100% Free: No hidden fees or subscriptions required for one book every day.
No Registration: Immediate access is available without creating accounts for one book every day.
Safe and Secure: Clean downloads without malware or viruses
Multiple Formats: PDF, MOBI, Mpub,... optimized for all devices
Educational Resource: Supporting knowledge sharing and learning

Frequently Asked Questions

Is it really free to download Exploratory model analysis for machine learning PDF?

Yes, on https://PDFdrive.to you can download Exploratory model analysis for machine learning by completely free. We don't require any payment, subscription, or registration to access this PDF file. For 3 books every day.

How can I read Exploratory model analysis for machine learning on my mobile device?

After downloading Exploratory model analysis for machine learning PDF, you can open it with any PDF reader app on your phone or tablet. We recommend using Adobe Acrobat Reader, Apple Books, or Google Play Books for the best reading experience.

Is this the full version of Exploratory model analysis for machine learning?

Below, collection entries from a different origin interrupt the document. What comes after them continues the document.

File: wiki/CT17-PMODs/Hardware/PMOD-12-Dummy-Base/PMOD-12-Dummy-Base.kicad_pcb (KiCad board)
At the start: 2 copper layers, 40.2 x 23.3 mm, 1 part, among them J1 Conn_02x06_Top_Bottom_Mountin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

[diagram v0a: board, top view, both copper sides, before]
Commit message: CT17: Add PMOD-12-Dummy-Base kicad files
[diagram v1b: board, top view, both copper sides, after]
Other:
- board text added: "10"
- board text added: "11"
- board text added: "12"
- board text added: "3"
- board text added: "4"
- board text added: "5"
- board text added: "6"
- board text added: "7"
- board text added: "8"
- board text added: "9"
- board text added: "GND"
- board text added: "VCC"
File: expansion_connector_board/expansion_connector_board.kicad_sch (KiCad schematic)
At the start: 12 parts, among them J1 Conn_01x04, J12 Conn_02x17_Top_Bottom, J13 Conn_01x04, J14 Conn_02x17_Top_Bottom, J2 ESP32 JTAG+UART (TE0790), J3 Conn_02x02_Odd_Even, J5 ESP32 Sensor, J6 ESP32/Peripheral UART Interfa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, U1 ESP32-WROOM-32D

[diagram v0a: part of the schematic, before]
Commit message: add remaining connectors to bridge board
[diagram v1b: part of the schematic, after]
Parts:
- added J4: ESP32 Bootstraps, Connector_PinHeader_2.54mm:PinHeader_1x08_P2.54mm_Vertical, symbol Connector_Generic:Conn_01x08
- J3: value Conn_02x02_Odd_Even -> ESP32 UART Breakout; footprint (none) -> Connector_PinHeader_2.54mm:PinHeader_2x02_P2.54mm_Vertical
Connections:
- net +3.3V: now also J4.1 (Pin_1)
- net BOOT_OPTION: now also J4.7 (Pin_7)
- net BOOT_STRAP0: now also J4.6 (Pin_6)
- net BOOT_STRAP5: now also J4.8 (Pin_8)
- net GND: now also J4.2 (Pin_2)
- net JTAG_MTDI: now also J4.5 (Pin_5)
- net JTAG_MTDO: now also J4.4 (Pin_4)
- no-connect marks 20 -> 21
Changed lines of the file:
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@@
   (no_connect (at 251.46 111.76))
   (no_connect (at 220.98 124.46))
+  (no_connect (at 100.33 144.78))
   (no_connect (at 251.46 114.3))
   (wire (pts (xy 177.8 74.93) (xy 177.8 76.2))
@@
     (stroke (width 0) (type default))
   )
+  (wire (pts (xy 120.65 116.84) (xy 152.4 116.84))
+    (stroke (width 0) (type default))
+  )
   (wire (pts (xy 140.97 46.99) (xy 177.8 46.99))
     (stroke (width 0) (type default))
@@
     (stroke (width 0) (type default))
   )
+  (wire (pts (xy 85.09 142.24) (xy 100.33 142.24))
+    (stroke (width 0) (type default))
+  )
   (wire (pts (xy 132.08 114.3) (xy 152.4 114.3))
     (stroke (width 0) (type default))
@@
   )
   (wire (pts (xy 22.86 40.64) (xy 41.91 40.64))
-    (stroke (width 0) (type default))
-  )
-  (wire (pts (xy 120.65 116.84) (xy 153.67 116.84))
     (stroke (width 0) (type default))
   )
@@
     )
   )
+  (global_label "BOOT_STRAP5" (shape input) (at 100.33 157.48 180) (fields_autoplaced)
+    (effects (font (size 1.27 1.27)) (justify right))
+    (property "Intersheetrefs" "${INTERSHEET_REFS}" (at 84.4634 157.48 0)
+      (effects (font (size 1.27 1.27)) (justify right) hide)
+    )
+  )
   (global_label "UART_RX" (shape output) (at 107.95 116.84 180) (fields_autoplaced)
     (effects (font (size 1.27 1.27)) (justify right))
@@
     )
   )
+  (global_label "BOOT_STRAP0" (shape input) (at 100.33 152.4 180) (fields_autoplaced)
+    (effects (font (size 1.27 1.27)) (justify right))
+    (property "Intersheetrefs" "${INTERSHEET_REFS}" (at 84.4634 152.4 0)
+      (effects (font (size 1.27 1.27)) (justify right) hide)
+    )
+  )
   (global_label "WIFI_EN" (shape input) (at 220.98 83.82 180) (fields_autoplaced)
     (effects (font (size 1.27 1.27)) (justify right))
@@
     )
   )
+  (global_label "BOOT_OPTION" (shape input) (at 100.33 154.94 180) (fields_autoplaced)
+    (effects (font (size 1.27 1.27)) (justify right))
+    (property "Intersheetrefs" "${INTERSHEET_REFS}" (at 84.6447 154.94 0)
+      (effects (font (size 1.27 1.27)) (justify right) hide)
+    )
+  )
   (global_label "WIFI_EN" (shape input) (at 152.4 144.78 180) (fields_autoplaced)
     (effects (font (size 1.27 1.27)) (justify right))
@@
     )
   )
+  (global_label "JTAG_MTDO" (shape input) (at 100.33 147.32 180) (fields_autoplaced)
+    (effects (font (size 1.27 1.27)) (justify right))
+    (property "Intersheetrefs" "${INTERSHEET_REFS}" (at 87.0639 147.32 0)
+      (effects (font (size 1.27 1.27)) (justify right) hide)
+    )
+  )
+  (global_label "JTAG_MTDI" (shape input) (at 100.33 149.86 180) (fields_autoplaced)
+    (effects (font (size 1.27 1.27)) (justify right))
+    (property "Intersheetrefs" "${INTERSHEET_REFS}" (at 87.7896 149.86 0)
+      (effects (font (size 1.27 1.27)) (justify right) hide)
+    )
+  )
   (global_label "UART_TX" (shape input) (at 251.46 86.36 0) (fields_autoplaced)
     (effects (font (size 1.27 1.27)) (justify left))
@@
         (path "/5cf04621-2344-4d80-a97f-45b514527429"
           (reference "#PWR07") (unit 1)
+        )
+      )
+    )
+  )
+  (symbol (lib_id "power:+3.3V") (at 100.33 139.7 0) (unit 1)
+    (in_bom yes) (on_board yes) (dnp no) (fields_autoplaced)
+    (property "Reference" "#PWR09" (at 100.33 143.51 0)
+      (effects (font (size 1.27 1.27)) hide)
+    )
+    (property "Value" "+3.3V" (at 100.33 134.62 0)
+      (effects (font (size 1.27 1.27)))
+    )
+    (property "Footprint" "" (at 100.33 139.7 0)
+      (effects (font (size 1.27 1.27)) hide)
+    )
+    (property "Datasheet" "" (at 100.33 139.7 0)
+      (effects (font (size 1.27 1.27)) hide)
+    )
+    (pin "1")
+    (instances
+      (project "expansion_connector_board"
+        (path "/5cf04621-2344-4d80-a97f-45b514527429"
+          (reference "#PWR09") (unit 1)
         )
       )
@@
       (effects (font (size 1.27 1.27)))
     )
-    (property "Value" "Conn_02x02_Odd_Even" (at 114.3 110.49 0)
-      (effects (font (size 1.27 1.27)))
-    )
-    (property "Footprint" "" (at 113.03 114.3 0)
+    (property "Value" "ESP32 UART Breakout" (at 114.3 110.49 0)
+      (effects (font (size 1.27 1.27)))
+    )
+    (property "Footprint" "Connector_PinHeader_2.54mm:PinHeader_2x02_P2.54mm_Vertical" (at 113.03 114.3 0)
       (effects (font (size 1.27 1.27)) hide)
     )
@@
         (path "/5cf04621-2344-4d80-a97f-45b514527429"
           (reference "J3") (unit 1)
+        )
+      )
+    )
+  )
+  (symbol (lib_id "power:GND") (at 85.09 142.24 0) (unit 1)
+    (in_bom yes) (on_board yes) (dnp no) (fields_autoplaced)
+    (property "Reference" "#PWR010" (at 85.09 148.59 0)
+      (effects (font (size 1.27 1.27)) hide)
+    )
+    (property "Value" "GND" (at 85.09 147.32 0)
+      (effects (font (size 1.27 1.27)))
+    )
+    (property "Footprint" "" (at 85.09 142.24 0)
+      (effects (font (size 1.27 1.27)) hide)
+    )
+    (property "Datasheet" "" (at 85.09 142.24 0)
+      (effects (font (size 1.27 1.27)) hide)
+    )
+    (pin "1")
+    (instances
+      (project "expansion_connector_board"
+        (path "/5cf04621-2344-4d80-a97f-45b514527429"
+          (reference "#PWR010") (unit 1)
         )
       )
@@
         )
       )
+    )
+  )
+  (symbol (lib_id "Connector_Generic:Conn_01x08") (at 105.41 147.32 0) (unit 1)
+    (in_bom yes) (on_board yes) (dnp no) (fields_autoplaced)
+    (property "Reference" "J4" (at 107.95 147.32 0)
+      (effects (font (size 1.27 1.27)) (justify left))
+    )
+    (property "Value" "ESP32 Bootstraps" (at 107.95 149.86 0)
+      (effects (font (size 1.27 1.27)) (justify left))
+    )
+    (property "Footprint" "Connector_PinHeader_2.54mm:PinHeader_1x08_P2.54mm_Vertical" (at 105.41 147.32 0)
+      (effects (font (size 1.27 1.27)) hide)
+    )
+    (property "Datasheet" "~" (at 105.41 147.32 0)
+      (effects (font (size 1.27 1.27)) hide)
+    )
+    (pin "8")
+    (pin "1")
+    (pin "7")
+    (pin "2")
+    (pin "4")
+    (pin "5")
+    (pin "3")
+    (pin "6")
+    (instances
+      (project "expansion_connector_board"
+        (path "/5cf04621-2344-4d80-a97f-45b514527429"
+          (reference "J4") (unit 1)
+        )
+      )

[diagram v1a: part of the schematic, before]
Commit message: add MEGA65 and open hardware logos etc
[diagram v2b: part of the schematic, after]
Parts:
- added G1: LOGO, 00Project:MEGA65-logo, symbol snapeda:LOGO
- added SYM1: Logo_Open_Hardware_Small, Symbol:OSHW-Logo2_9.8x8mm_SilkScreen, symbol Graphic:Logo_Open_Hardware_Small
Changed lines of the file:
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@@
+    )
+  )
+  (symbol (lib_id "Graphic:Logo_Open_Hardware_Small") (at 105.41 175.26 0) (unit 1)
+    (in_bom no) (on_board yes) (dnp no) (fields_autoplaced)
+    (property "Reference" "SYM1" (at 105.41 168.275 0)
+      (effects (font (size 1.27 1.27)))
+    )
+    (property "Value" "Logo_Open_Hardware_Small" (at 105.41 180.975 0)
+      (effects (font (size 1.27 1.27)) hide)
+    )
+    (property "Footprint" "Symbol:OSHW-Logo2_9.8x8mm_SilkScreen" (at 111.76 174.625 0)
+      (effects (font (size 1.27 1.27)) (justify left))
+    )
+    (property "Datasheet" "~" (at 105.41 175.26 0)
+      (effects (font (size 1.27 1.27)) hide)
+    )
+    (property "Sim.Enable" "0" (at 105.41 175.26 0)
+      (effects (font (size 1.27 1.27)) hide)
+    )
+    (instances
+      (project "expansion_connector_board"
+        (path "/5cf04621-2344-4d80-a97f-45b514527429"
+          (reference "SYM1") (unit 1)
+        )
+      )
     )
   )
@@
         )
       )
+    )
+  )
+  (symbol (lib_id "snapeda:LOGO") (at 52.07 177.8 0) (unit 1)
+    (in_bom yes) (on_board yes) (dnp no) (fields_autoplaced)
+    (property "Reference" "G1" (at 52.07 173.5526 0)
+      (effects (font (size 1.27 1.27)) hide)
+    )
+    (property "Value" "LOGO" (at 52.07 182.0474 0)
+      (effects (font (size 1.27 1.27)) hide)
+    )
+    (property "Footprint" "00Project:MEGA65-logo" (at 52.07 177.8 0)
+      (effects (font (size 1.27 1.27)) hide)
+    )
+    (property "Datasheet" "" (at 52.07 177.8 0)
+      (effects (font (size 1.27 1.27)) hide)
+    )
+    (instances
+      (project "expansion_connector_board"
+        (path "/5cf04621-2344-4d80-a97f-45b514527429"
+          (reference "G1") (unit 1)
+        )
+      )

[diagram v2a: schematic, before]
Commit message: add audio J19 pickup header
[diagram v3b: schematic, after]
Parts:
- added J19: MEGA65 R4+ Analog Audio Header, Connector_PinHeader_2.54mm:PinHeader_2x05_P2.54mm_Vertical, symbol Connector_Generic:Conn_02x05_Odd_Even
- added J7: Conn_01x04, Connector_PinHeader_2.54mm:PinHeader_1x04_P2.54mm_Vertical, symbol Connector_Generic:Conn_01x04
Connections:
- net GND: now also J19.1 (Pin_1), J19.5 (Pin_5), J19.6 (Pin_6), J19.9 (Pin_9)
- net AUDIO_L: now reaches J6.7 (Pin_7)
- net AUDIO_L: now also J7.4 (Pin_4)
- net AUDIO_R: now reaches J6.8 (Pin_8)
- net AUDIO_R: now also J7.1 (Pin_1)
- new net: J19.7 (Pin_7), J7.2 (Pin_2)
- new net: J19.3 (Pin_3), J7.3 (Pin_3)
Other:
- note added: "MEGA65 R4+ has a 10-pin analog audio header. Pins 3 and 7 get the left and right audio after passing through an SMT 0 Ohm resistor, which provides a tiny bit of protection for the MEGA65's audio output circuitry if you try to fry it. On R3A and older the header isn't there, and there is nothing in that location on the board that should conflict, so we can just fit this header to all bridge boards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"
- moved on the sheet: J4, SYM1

Yes, this is the complete PDF version of Exploratory model analysis for machine learning by Unknow. You will be able to read the entire content as in the printed version without missing any pages.

Is it legal to download Exploratory model analysis for machine learning PDF for free?

https://PDFdrive.to provides links to free educational resources available online. We do not store any files on our servers. Please be aware of copyright laws in your country before downloading.

The materials shared are intended for research, educational, and personal use in accordance with fair use principles.